:: Action item ::
Find every line in the records below that holds the word "pattern", and copy it out.

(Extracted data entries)

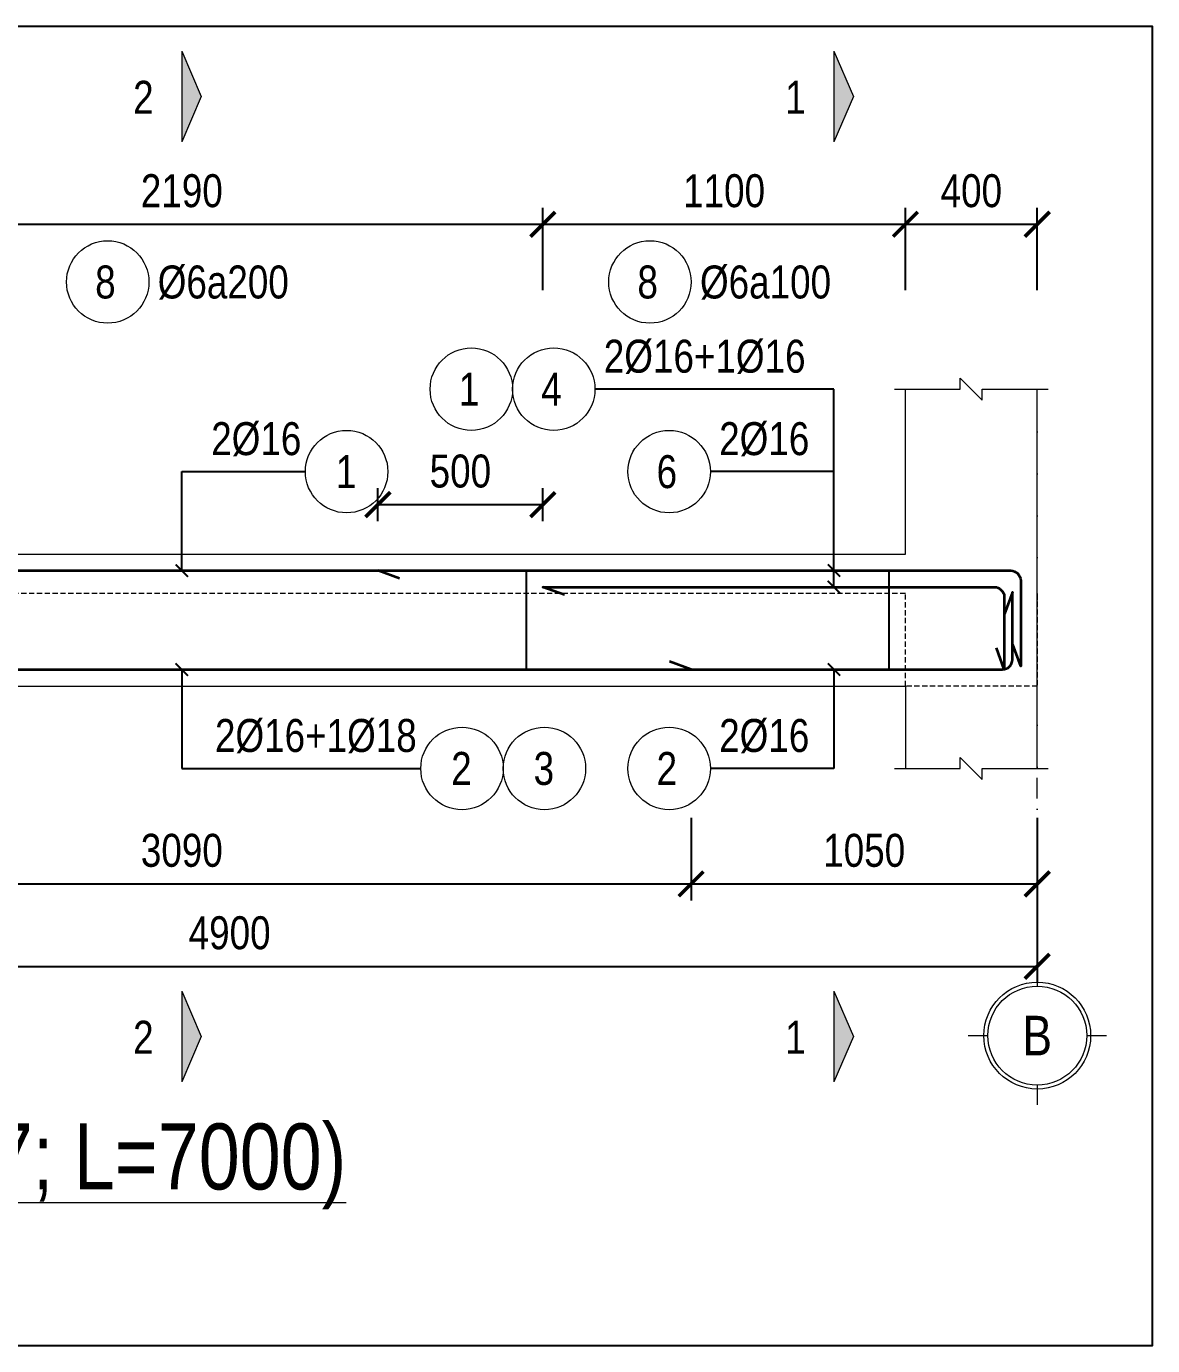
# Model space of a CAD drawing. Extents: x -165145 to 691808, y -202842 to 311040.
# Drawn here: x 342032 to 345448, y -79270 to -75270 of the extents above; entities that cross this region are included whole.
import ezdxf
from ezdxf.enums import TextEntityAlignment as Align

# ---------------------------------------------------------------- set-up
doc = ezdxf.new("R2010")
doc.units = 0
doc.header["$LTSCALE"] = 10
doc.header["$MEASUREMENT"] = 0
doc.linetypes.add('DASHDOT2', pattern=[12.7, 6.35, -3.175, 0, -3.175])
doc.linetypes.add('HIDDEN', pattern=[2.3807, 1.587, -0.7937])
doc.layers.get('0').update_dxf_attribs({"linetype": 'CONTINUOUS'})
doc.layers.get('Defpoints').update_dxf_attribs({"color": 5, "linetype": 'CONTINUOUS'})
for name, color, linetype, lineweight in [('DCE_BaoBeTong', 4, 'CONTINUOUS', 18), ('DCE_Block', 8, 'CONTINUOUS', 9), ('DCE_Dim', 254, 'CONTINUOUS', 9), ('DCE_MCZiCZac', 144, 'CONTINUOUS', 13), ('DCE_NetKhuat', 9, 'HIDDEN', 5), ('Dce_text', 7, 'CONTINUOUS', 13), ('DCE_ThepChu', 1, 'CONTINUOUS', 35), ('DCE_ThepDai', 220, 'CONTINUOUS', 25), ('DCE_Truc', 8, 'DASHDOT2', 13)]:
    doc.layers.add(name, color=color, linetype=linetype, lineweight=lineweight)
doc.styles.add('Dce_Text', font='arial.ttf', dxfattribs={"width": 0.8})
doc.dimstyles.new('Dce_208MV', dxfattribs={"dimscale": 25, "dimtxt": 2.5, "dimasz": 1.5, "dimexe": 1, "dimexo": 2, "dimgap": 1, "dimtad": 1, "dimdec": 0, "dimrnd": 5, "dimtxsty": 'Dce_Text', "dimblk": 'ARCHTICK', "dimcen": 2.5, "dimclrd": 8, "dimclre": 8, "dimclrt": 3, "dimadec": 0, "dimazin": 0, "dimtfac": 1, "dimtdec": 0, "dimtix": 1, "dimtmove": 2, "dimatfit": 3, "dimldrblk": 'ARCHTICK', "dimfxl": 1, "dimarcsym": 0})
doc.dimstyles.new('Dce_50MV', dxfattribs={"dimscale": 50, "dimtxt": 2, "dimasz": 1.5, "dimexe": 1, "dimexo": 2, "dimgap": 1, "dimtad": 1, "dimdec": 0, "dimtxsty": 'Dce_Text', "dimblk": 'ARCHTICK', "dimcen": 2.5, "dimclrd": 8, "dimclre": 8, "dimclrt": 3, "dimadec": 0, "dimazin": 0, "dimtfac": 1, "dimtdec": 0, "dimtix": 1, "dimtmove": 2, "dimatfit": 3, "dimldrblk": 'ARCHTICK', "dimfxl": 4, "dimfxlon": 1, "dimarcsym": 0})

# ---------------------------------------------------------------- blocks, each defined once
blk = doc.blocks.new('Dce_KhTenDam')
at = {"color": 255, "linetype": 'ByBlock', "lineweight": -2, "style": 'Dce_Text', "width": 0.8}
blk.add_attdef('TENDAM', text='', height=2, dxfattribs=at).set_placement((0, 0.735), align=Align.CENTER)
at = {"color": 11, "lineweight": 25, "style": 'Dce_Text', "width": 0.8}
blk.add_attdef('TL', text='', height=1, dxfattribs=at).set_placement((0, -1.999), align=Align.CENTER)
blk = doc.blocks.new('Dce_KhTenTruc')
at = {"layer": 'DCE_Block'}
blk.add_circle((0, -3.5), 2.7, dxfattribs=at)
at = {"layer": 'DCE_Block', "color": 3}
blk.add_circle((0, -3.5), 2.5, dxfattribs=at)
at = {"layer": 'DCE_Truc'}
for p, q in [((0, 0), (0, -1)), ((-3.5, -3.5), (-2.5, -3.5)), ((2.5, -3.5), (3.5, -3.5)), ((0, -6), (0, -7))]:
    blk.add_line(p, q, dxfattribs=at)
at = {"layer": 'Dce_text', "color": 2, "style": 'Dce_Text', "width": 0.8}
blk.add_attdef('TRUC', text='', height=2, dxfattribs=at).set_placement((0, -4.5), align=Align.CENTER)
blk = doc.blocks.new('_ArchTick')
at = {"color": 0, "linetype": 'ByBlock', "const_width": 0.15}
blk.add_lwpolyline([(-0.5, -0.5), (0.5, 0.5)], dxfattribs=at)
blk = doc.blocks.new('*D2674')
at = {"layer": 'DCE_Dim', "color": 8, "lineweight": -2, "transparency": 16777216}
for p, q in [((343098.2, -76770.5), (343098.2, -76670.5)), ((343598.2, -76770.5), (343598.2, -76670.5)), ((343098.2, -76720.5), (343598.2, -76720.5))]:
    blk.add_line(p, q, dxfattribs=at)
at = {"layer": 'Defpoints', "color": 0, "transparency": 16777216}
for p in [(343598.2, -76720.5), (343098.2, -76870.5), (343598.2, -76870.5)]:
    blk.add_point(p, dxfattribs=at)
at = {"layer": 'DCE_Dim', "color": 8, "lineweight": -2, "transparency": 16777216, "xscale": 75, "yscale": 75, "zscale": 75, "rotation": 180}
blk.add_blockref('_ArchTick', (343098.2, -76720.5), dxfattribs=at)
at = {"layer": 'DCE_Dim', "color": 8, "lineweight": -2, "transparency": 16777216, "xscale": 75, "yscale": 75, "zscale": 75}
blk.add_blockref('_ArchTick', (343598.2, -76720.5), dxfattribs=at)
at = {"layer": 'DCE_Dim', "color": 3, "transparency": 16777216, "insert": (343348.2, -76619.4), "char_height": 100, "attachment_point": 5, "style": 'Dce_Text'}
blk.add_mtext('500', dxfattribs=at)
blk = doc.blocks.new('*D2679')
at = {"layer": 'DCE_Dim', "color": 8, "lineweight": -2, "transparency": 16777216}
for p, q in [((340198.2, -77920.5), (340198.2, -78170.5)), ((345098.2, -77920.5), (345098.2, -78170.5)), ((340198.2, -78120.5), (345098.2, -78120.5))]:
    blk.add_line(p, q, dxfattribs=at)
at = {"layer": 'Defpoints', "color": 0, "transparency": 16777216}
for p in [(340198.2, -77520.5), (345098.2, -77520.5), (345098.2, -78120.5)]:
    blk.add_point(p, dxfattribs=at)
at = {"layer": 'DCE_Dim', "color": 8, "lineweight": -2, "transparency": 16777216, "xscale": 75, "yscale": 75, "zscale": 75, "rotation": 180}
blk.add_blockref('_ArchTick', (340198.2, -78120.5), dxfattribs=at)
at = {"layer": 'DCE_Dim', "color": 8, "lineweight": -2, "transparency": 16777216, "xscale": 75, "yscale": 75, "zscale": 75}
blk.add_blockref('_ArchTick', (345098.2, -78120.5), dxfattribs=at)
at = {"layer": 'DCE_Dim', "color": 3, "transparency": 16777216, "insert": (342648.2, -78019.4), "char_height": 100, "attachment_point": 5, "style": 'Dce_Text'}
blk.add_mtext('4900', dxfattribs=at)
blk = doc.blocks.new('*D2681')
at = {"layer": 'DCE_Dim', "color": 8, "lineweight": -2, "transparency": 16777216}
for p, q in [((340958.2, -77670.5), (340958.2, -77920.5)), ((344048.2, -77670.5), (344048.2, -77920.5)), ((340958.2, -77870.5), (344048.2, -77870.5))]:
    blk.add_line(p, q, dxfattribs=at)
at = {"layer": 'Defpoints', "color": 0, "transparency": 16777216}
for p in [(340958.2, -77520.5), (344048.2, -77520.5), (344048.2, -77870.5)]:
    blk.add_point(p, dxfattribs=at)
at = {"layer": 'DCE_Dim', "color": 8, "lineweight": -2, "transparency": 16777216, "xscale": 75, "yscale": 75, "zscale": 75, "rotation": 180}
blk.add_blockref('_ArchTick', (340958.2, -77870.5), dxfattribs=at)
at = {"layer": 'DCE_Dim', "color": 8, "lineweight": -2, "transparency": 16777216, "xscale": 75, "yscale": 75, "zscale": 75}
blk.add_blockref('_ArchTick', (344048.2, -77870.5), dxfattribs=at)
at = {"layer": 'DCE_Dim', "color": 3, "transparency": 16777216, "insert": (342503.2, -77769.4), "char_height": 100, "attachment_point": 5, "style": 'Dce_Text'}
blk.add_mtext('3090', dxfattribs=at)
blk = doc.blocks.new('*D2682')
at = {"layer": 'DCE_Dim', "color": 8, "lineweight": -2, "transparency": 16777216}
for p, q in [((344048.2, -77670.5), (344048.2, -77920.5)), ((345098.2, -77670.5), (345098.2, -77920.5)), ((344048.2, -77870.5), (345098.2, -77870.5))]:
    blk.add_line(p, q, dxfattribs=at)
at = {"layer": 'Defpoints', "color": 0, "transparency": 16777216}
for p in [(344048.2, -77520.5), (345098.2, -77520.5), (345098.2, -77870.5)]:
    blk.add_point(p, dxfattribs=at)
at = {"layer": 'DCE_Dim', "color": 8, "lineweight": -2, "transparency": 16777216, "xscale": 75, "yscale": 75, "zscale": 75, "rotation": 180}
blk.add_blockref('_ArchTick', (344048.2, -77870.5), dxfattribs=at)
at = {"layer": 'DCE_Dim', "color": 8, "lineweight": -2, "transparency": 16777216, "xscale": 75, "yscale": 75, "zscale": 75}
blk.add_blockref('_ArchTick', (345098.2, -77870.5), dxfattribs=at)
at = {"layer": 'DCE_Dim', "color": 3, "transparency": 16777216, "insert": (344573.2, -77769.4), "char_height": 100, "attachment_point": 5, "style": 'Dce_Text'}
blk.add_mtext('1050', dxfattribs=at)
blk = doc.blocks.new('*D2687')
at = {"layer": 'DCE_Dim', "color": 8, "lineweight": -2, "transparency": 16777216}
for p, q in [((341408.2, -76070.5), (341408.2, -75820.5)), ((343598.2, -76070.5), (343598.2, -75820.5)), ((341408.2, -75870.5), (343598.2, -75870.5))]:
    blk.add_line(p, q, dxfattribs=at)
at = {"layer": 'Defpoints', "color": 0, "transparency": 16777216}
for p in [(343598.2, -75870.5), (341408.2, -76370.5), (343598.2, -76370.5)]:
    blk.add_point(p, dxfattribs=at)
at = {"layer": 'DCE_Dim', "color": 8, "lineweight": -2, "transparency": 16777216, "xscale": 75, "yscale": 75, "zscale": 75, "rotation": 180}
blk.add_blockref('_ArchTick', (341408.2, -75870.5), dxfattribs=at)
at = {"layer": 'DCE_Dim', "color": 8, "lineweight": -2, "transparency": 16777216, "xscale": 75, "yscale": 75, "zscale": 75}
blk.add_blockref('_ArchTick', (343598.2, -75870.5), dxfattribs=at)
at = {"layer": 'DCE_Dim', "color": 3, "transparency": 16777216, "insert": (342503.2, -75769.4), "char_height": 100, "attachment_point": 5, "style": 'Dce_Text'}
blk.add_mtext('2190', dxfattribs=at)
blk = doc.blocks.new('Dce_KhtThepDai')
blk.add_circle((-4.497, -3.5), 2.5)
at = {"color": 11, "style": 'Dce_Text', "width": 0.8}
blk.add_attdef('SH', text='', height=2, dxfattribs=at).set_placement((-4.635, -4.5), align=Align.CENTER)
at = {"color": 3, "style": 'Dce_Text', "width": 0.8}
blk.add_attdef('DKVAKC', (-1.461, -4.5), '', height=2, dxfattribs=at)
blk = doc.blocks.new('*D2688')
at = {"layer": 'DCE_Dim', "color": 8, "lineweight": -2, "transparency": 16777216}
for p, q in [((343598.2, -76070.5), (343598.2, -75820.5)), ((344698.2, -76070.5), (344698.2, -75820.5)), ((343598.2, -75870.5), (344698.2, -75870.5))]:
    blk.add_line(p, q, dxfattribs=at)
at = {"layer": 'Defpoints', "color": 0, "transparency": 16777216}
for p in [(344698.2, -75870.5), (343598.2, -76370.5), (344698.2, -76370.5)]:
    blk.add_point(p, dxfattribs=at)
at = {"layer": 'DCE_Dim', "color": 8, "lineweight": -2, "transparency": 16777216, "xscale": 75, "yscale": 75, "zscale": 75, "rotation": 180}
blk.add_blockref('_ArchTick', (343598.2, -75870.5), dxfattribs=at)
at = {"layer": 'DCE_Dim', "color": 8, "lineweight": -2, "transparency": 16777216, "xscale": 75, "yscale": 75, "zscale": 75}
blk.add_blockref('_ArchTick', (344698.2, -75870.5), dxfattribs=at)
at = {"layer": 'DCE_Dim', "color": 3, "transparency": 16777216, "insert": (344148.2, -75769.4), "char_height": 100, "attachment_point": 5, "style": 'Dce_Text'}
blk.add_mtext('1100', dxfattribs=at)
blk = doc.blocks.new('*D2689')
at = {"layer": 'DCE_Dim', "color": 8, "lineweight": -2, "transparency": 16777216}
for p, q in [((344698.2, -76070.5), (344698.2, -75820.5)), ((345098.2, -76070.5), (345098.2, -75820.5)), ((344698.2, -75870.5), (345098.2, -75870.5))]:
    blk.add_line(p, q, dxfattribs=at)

:: Exercise answer ::
doc.linetypes.add('DASHDOT2', pattern=[12.7, 6.35, -3.175, 0, -3.175])
doc.linetypes.add('HIDDEN', pattern=[2.3807, 1.587, -0.7937])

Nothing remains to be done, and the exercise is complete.